The following is a minimal reproducible example of code that I had to generate an 'array' (whose 1-byte elements are packed into the resulting uint_fast64_t
) of 3D coordinates within octree branches given x
z
and y
positions:
#include <stdint.h>
void test(uint_fast64_t *const coord, const uint_fast8_t x, const uint_fast8_t z, const uint_fast8_t y) {
static const uint_fast64_t m = 0x2040810204081ULL, a = 0x101010101010101ULL;
*coord = (x * m & a) | (z * m & a) << 1 | (y * m & a) << 2;
}
Looking at the assembly, GCC appears to only generate one 'variant' of the m
constant, but three variants
of the a
constant, including 0x404040404040404
and 0x202020202020202
.
test:
movabs rax, 567382630219905 ; 0x2040810204081
movzx edx, dl
movzx esi, sil
movzx ecx, cl
movabs r8, 144680345676153346 ; 0x202020202020202
imul rdx, rax
imul rsi, rax
imul rcx, rax
movabs rax, 289360691352306692 ; 0x404040404040404
add rdx, rdx
and rdx, r8
movabs r8, 72340172838076673 ; 0x101010101010101
and rsi, r8
sal rcx, 2
or rdx, rsi
and rcx, rax
or rdx, rcx
mov QWORD PTR [rdi], rdx
ret
For whatever reason, GCC appears to be 'constant propagating' the << 1
and << 2
to these masks, and storing them separately, when the same mask could just be used by doing the and
first and then the bitshift. This is what is confusing.

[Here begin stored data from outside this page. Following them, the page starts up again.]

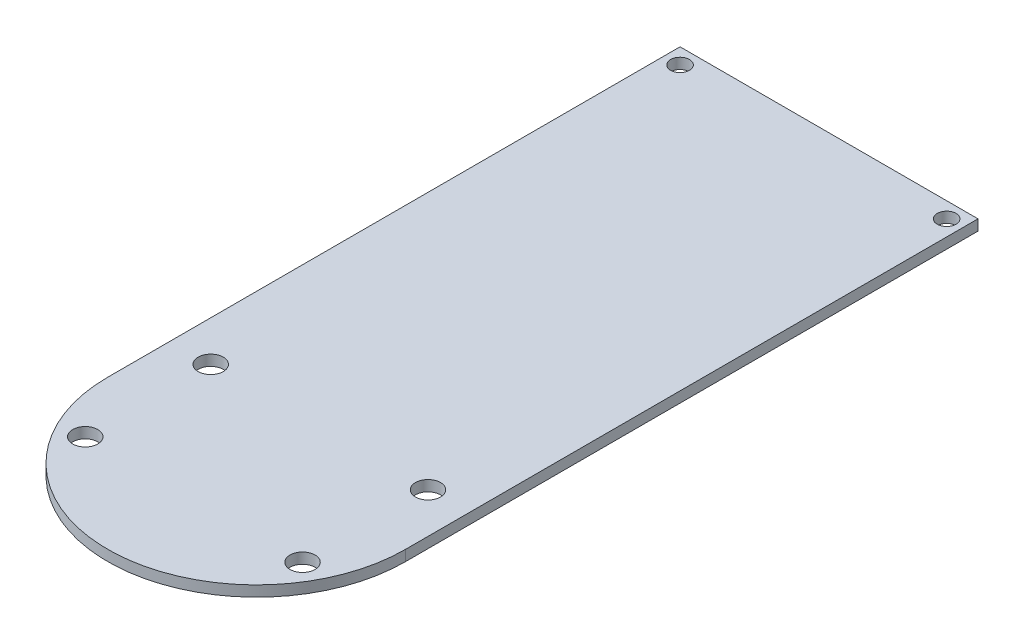
ISO-10303-21;
HEADER;
FILE_DESCRIPTION(('STEP AP214'),'2;1');
FILE_NAME('part.step','',(''),(''),'','','');
FILE_SCHEMA(('AUTOMOTIVE_DESIGN { 1 0 10303 214 1 1 1 1 }'));
ENDSEC;
DATA;
#1=APPLICATION_CONTEXT('core data for automotive mechanical design processes');
#2=APPLICATION_PROTOCOL_DEFINITION('international standard','automotive_design',2000,#1);
#3=PRODUCT_CONTEXT('',#1,'mechanical');
#4=PRODUCT('Part','Part','',(#3));
#5=PRODUCT_RELATED_PRODUCT_CATEGORY('part','',(#4));
#6=PRODUCT_DEFINITION_FORMATION('','',#4);
#7=PRODUCT_DEFINITION_CONTEXT('part definition',#1,'design');
#8=PRODUCT_DEFINITION('design','',#6,#7);
#9=PRODUCT_DEFINITION_SHAPE('','',#8);
#10=(LENGTH_UNIT() NAMED_UNIT(*) SI_UNIT(.MILLI.,.METRE.));
#11=(NAMED_UNIT(*) PLANE_ANGLE_UNIT() SI_UNIT($,.RADIAN.));
#12=(NAMED_UNIT(*) SI_UNIT($,.STERADIAN.) SOLID_ANGLE_UNIT());
#13=UNCERTAINTY_MEASURE_WITH_UNIT(LENGTH_MEASURE(1.E-05),#10,'distance_accuracy_value','');
#14=(GEOMETRIC_REPRESENTATION_CONTEXT(3) GLOBAL_UNCERTAINTY_ASSIGNED_CONTEXT((#13)) GLOBAL_UNIT_ASSIGNED_CONTEXT((#10,
#11,#12)) REPRESENTATION_CONTEXT('',''));
#15=CARTESIAN_POINT('',(0.,0.,0.));
#16=DIRECTION('',(0.,0.,1.));
#17=DIRECTION('',(1.,0.,0.));
#18=AXIS2_PLACEMENT_3D('',#15,#16,#17);
#19=CARTESIAN_POINT('',(0.,0.,45.625));
#20=DIRECTION('',(0.,1.,0.));
#21=DIRECTION('',(0.,0.,1.));
#22=AXIS2_PLACEMENT_3D('',#19,#20,#21);
#23=PLANE('',#22);
#24=CARTESIAN_POINT('',(-17.3205080756864,0.,35.6250000000042));
#25=DIRECTION('',(0.,1.,0.));
#26=DIRECTION('',(0.,0.,1.));
#27=AXIS2_PLACEMENT_3D('',#24,#25,#26);
#28=CIRCLE('',#27,2.);
#29=CARTESIAN_POINT('',(-17.3205080756864,0.,37.6250000000042));
#30=VERTEX_POINT('',#29);
#31=EDGE_CURVE('E146',#30,#30,#28,.T.);
#32=ORIENTED_EDGE('',*,*,#31,.T.);
#33=EDGE_LOOP('',(#32));
#34=FACE_BOUND('',#33,.T.);
#35=CARTESIAN_POINT('',(-17.3205080756815,0.,55.6250000000042));
#36=DIRECTION('',(0.,1.,0.));
#37=DIRECTION('',(0.,0.,1.));
#38=AXIS2_PLACEMENT_3D('',#35,#36,#37);
#39=CIRCLE('',#38,2.00000000000001);
#40=CARTESIAN_POINT('',(-17.3205080756815,0.,57.6250000000042));
#41=VERTEX_POINT('',#40);
#42=EDGE_CURVE('E156',#41,#41,#39,.T.);
#43=ORIENTED_EDGE('',*,*,#42,.T.);
#44=EDGE_LOOP('',(#43));
#45=FACE_BOUND('',#44,.T.);
#46=CARTESIAN_POINT('',(21.25,0.,-43.125));
#47=DIRECTION('',(0.,1.,0.));
#48=DIRECTION('',(0.,0.,-1.));
#49=AXIS2_PLACEMENT_3D('',#46,#47,#48);
#50=CIRCLE('',#49,1.5);
#51=CARTESIAN_POINT('',(21.25,0.,-44.625));
#52=VERTEX_POINT('',#51);
#53=EDGE_CURVE('E161',#52,#52,#50,.T.);
#54=ORIENTED_EDGE('',*,*,#53,.T.);
#55=EDGE_LOOP('',(#54));
#56=FACE_BOUND('',#55,.T.);
#57=CARTESIAN_POINT('',(17.320508075696,0.,55.6249999999958));
#58=DIRECTION('',(0.,1.,0.));
#59=DIRECTION('',(0.,0.,1.));
#60=AXIS2_PLACEMENT_3D('',#57,#58,#59);
#61=CIRCLE('',#60,2.);
#62=CARTESIAN_POINT('',(17.320508075696,0.,57.6249999999958));
#63=VERTEX_POINT('',#62);
#64=EDGE_CURVE('E167',#63,#63,#61,.T.);
#65=ORIENTED_EDGE('',*,*,#64,.T.);
#66=EDGE_LOOP('',(#65));
#67=FACE_BOUND('',#66,.T.);
#68=CARTESIAN_POINT('',(17.3205080756912,0.,35.6249999999958));
#69=DIRECTION('',(0.,1.,0.));
#70=DIRECTION('',(0.,0.,1.));
#71=AXIS2_PLACEMENT_3D('',#68,#69,#70);
#72=CIRCLE('',#71,2.00000000000001);
#73=CARTESIAN_POINT('',(17.3205080756912,0.,37.6249999999958));
#74=VERTEX_POINT('',#73);
#75=EDGE_CURVE('E173',#74,#74,#72,.T.);
#76=ORIENTED_EDGE('',*,*,#75,.T.);
#77=EDGE_LOOP('',(#76));
#78=FACE_BOUND('',#77,.T.);
#79=CARTESIAN_POINT('',(-21.25,0.,-43.125));
#80=DIRECTION('',(0.,1.,0.));
#81=DIRECTION('',(0.,0.,1.));
#82=AXIS2_PLACEMENT_3D('',#79,#80,#81);
#83=CIRCLE('',#82,1.5);
#84=CARTESIAN_POINT('',(-21.25,0.,-41.625));
#85=VERTEX_POINT('',#84);
#86=EDGE_CURVE('E179',#85,#85,#83,.T.);
#87=ORIENTED_EDGE('',*,*,#86,.T.);
#88=EDGE_LOOP('',(#87));
#89=FACE_BOUND('',#88,.T.);
#90=DIRECTION('',(0.,0.,1.));
#91=VECTOR('',#90,1.);
#92=CARTESIAN_POINT('',(-23.75,0.,-45.625));
#93=LINE('',#92,#91);
#94=CARTESIAN_POINT('',(-23.75,0.,-45.625));
#95=VERTEX_POINT('',#94);
#96=CARTESIAN_POINT('',(-23.75,0.,45.625));
#97=VERTEX_POINT('',#96);
#98=EDGE_CURVE('E185',#95,#97,#93,.T.);
#99=ORIENTED_EDGE('',*,*,#98,.F.);
#100=DIRECTION('',(-1.,0.,0.));
#101=VECTOR('',#100,1.);
#102=CARTESIAN_POINT('',(-23.75,0.,-45.625));
#103=LINE('',#102,#101);
#104=CARTESIAN_POINT('',(23.75,0.,-45.625));
#105=VERTEX_POINT('',#104);
#106=EDGE_CURVE('E192',#105,#95,#103,.T.);
#107=ORIENTED_EDGE('',*,*,#106,.F.);
#108=DIRECTION('',(0.,0.,-1.));
#109=VECTOR('',#108,1.);
#110=CARTESIAN_POINT('',(23.75,0.,-45.625));
#111=LINE('',#110,#109);
#112=CARTESIAN_POINT('',(23.75,0.,45.625));
#113=VERTEX_POINT('',#112);
#114=EDGE_CURVE('E203',#113,#105,#111,.T.);
#115=ORIENTED_EDGE('',*,*,#114,.F.);
#116=CARTESIAN_POINT('',(0.,0.,45.625));
#117=DIRECTION('',(0.,1.,0.));
#118=DIRECTION('',(0.,0.,1.));
#119=AXIS2_PLACEMENT_3D('',#116,#117,#118);
#120=CIRCLE('',#119,23.75);
#121=EDGE_CURVE('E201',#97,#113,#120,.T.);
#122=ORIENTED_EDGE('',*,*,#121,.F.);
#123=EDGE_LOOP('',(#99,#107,#115,#122));
#124=FACE_BOUND('',#123,.T.);
#125=DIRECTION('',(-1.,0.,0.));
#126=VECTOR('',#125,1.);
#127=CARTESIAN_POINT('',(-2.15,0.,48.835));
#128=LINE('',#127,#126);
#129=CARTESIAN_POINT('',(2.84999999999999,0.,48.835));
#130=VERTEX_POINT('',#129);
#131=CARTESIAN_POINT('',(-2.84999999999999,0.,48.835));
#132=VERTEX_POINT('',#131);
#133=EDGE_CURVE('E234',#130,#132,#128,.T.);
#134=ORIENTED_EDGE('',*,*,#133,.F.);
#135=DIRECTION('',(0.,0.,-1.));
#136=VECTOR('',#135,1.);
#137=CARTESIAN_POINT('',(2.84999999999999,0.,43.665));
#138=LINE('',#137,#136);
#139=CARTESIAN_POINT('',(2.84999999999999,0.,43.665));
#140=VERTEX_POINT('',#139);
#141=EDGE_CURVE('E221',#130,#140,#138,.T.);
#142=ORIENTED_EDGE('',*,*,#141,.T.);
#143=DIRECTION('',(1.,0.,0.));
#144=VECTOR('',#143,1.);
#145=CARTESIAN_POINT('',(-2.15,0.,43.665));
#146=LINE('',#145,#144);
#147=CARTESIAN_POINT('',(-2.84999999999999,0.,43.665));
#148=VERTEX_POINT('',#147);
#149=EDGE_CURVE('E140',#148,#140,#146,.T.);
#150=ORIENTED_EDGE('',*,*,#149,.F.);
#151=DIRECTION('',(0.,0.,1.));
#152=VECTOR('',#151,1.);
#153=CARTESIAN_POINT('',(-2.84999999999999,0.,48.835));
#154=LINE('',#153,#152);
#155=EDGE_CURVE('E218',#148,#132,#154,.T.);
#156=ORIENTED_EDGE('',*,*,#155,.T.);
#157=EDGE_LOOP('',(#134,#142,#150,#156));
#158=FACE_BOUND('',#157,.T.);
#159=ADVANCED_FACE('F45',(#34,#45,#56,#67,#78,#89,#124,#158),#23,.F.);
#160=CARTESIAN_POINT('',(0.,1.7,45.625));
#161=DIRECTION('',(0.,1.,0.));
#162=DIRECTION('',(0.,0.,1.));
#163=AXIS2_PLACEMENT_3D('',#160,#161,#162);
#164=PLANE('',#163);
#165=CARTESIAN_POINT('',(-17.3205080756815,1.7,55.6250000000042));
#166=DIRECTION('',(0.,1.,0.));
#167=DIRECTION('',(0.,0.,1.));
#168=AXIS2_PLACEMENT_3D('',#165,#166,#167);
#169=CIRCLE('',#168,2.00000000000001);
#170=CARTESIAN_POINT('',(-17.3205080756815,1.7,57.6250000000042));
#171=VERTEX_POINT('',#170);
#172=EDGE_CURVE('E158',#171,#171,#169,.T.);
#173=ORIENTED_EDGE('',*,*,#172,.F.);
#174=EDGE_LOOP('',(#173));
#175=FACE_BOUND('',#174,.T.);
#176=CARTESIAN_POINT('',(17.320508075696,1.7,55.6249999999958));
#177=DIRECTION('',(0.,1.,0.));
#178=DIRECTION('',(0.,0.,1.));
#179=AXIS2_PLACEMENT_3D('',#176,#177,#178);
#180=CIRCLE('',#179,2.);
#181=CARTESIAN_POINT('',(17.320508075696,1.7,57.6249999999958));
#182=VERTEX_POINT('',#181);
#183=EDGE_CURVE('E170',#182,#182,#180,.T.);
#184=ORIENTED_EDGE('',*,*,#183,.F.);
#185=EDGE_LOOP('',(#184));
#186=FACE_BOUND('',#185,.T.);
#187=CARTESIAN_POINT('',(-21.25,1.7,-43.125));
#188=DIRECTION('',(0.,1.,0.));
#189=DIRECTION('',(0.,0.,1.));
#190=AXIS2_PLACEMENT_3D('',#187,#188,#189);
#191=CIRCLE('',#190,1.5);
#192=CARTESIAN_POINT('',(-21.25,1.7,-41.625));
#193=VERTEX_POINT('',#192);
#194=EDGE_CURVE('E182',#193,#193,#191,.T.);
#195=ORIENTED_EDGE('',*,*,#194,.F.);
#196=EDGE_LOOP('',(#195));
#197=FACE_BOUND('',#196,.T.);
#198=DIRECTION('',(0.,0.,1.));
#199=VECTOR('',#198,1.);
#200=CARTESIAN_POINT('',(-23.75,1.7,-45.625));
#201=LINE('',#200,#199);
#202=CARTESIAN_POINT('',(-23.75,1.7,-45.625));
#203=VERTEX_POINT('',#202);
#204=CARTESIAN_POINT('',(-23.75,1.7,45.625));
#205=VERTEX_POINT('',#204);
#206=EDGE_CURVE('E188',#203,#205,#201,.T.);
#207=ORIENTED_EDGE('',*,*,#206,.T.);
#208=CARTESIAN_POINT('',(0.,1.7,45.625));
#209=DIRECTION('',(0.,1.,0.));
#210=DIRECTION('',(0.,0.,1.));
#211=AXIS2_PLACEMENT_3D('',#208,#209,#210);
#212=CIRCLE('',#211,23.75);
#213=CARTESIAN_POINT('',(23.75,1.7,45.625));
#214=VERTEX_POINT('',#213);
#215=EDGE_CURVE('E191',#205,#214,#212,.T.);
#216=ORIENTED_EDGE('',*,*,#215,.T.);
#217=DIRECTION('',(0.,0.,-1.));
#218=VECTOR('',#217,1.);
#219=CARTESIAN_POINT('',(23.75,1.7,-45.625));
#220=LINE('',#219,#218);
#221=CARTESIAN_POINT('',(23.75,1.7,-45.625));
#222=VERTEX_POINT('',#221);
#223=EDGE_CURVE('E194',#214,#222,#220,.T.);
#224=ORIENTED_EDGE('',*,*,#223,.T.);
#225=DIRECTION('',(-1.,0.,0.));
#226=VECTOR('',#225,1.);
#227=CARTESIAN_POINT('',(-23.75,1.7,-45.625));
#228=LINE('',#227,#226);
#229=EDGE_CURVE('E196',#222,#203,#228,.T.);
#230=ORIENTED_EDGE('',*,*,#229,.T.);
#231=EDGE_LOOP('',(#207,#216,#224,#230));
#232=FACE_BOUND('',#231,.T.);
#233=CARTESIAN_POINT('',(17.3205080756912,1.7,35.6249999999958));
#234=DIRECTION('',(0.,1.,0.));
#235=DIRECTION('',(0.,0.,1.));
#236=AXIS2_PLACEMENT_3D('',#233,#234,#235);
#237=CIRCLE('',#236,2.00000000000001);
#238=CARTESIAN_POINT('',(17.3205080756912,1.7,37.6249999999958));
#239=VERTEX_POINT('',#238);
#240=EDGE_CURVE('E176',#239,#239,#237,.T.);
#241=ORIENTED_EDGE('',*,*,#240,.F.);
#242=EDGE_LOOP('',(#241));
#243=FACE_BOUND('',#242,.T.);
#244=CARTESIAN_POINT('',(21.25,1.7,-43.125));
#245=DIRECTION('',(0.,1.,0.));
#246=DIRECTION('',(0.,0.,-1.));
#247=AXIS2_PLACEMENT_3D('',#244,#245,#246);
#248=CIRCLE('',#247,1.5);
#249=CARTESIAN_POINT('',(21.25,1.7,-44.625));
#250=VERTEX_POINT('',#249);
#251=EDGE_CURVE('E164',#250,#250,#248,.T.);
#252=ORIENTED_EDGE('',*,*,#251,.F.);
#253=EDGE_LOOP('',(#252));
#254=FACE_BOUND('',#253,.T.);
#255=CARTESIAN_POINT('',(-17.3205080756864,1.7,35.6250000000042));
#256=DIRECTION('',(0.,1.,0.));
#257=DIRECTION('',(0.,0.,1.));
#258=AXIS2_PLACEMENT_3D('',#255,#256,#257);
#259=CIRCLE('',#258,2.);
#260=CARTESIAN_POINT('',(-17.3205080756864,1.7,37.6250000000042));
#261=VERTEX_POINT('',#260);
#262=EDGE_CURVE('E149',#261,#261,#259,.T.);
#263=ORIENTED_EDGE('',*,*,#262,.F.);
#264=EDGE_LOOP('',(#263));
#265=FACE_BOUND('',#264,.T.);
#266=ADVANCED_FACE('F256',(#175,#186,#197,#232,#243,#254,#265),#164,.T.);
#267=CARTESIAN_POINT('',(-23.75,1.7,-45.625));
#268=DIRECTION('',(1.,0.,0.));
#269=DIRECTION('',(0.,0.,-1.));
#270=AXIS2_PLACEMENT_3D('',#267,#268,#269);
#271=PLANE('',#270);
#272=ORIENTED_EDGE('',*,*,#98,.T.);
#273=DIRECTION('',(0.,-1.,0.));
#274=VECTOR('',#273,1.);
#275=CARTESIAN_POINT('',(-23.75,1.7,45.625));
#276=LINE('',#275,#274);
#277=EDGE_CURVE('E214',#205,#97,#276,.T.);
#278=ORIENTED_EDGE('',*,*,#277,.F.);
#279=ORIENTED_EDGE('',*,*,#206,.F.);
#280=DIRECTION('',(0.,-1.,0.));
#281=VECTOR('',#280,1.);
#282=CARTESIAN_POINT('',(-23.75,1.7,-45.625));
#283=LINE('',#282,#281);
#284=EDGE_CURVE('E198',#203,#95,#283,.T.);
#285=ORIENTED_EDGE('',*,*,#284,.T.);
#286=EDGE_LOOP('',(#272,#278,#279,#285));
#287=FACE_BOUND('',#286,.T.);
#288=ADVANCED_FACE('F262',(#287),#271,.F.);
#289=CARTESIAN_POINT('',(0.,1.7,45.625));
#290=DIRECTION('',(0.,-1.,0.));
#291=DIRECTION('',(0.,0.,-1.));
#292=AXIS2_PLACEMENT_3D('',#289,#290,#291);
#293=CYLINDRICAL_SURFACE('',#292,23.75);
#294=ORIENTED_EDGE('',*,*,#121,.T.);
#295=DIRECTION('',(0.,-1.,0.));
#296=VECTOR('',#295,1.);
#297=CARTESIAN_POINT('',(23.75,1.7,45.625));
#298=LINE('',#297,#296);
#299=EDGE_CURVE('E211',#214,#113,#298,.T.);
#300=ORIENTED_EDGE('',*,*,#299,.F.);
#301=ORIENTED_EDGE('',*,*,#215,.F.);
#302=ORIENTED_EDGE('',*,*,#277,.T.);
#303=EDGE_LOOP('',(#294,#300,#301,#302));
#304=FACE_BOUND('',#303,.T.);
#305=ADVANCED_FACE('F276',(#304),#293,.T.);
#306=CARTESIAN_POINT('',(23.75,1.7,-45.625));
#307=DIRECTION('',(-1.,0.,0.));
#308=DIRECTION('',(0.,0.,1.));
#309=AXIS2_PLACEMENT_3D('',#306,#307,#308);
#310=PLANE('',#309);
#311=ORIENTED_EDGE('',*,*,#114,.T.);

Clang, on the other hand, fully propagates the bitshifts to the constants, so the assembly contains 6 of the 64 bit constants, but no shift operations corresponding to the << 1
and << 2
. This seems to be a speed optimization at the cost of size.
But I am perplexed by the GCC handling. Some of the constants are 'folded' but some are not, and the manner in which they are not providing any perceptible benefit.
My question is:
and
mask later, even at the expense of storing extra constants in the code?and
first and shift afterwards, to avoid storing those constants?This is one of those cases when 'The compiler will optimize the code, just forget about it.' does not really work, since this 'optimization' itself is what I find questionable.
I know that 16 bytes of opcode is 'not much' but I am still curious as to why GCC performs this 'optimization' despite seeming like a lose to an untrained eye. And this even happens with aggressive size optimizations.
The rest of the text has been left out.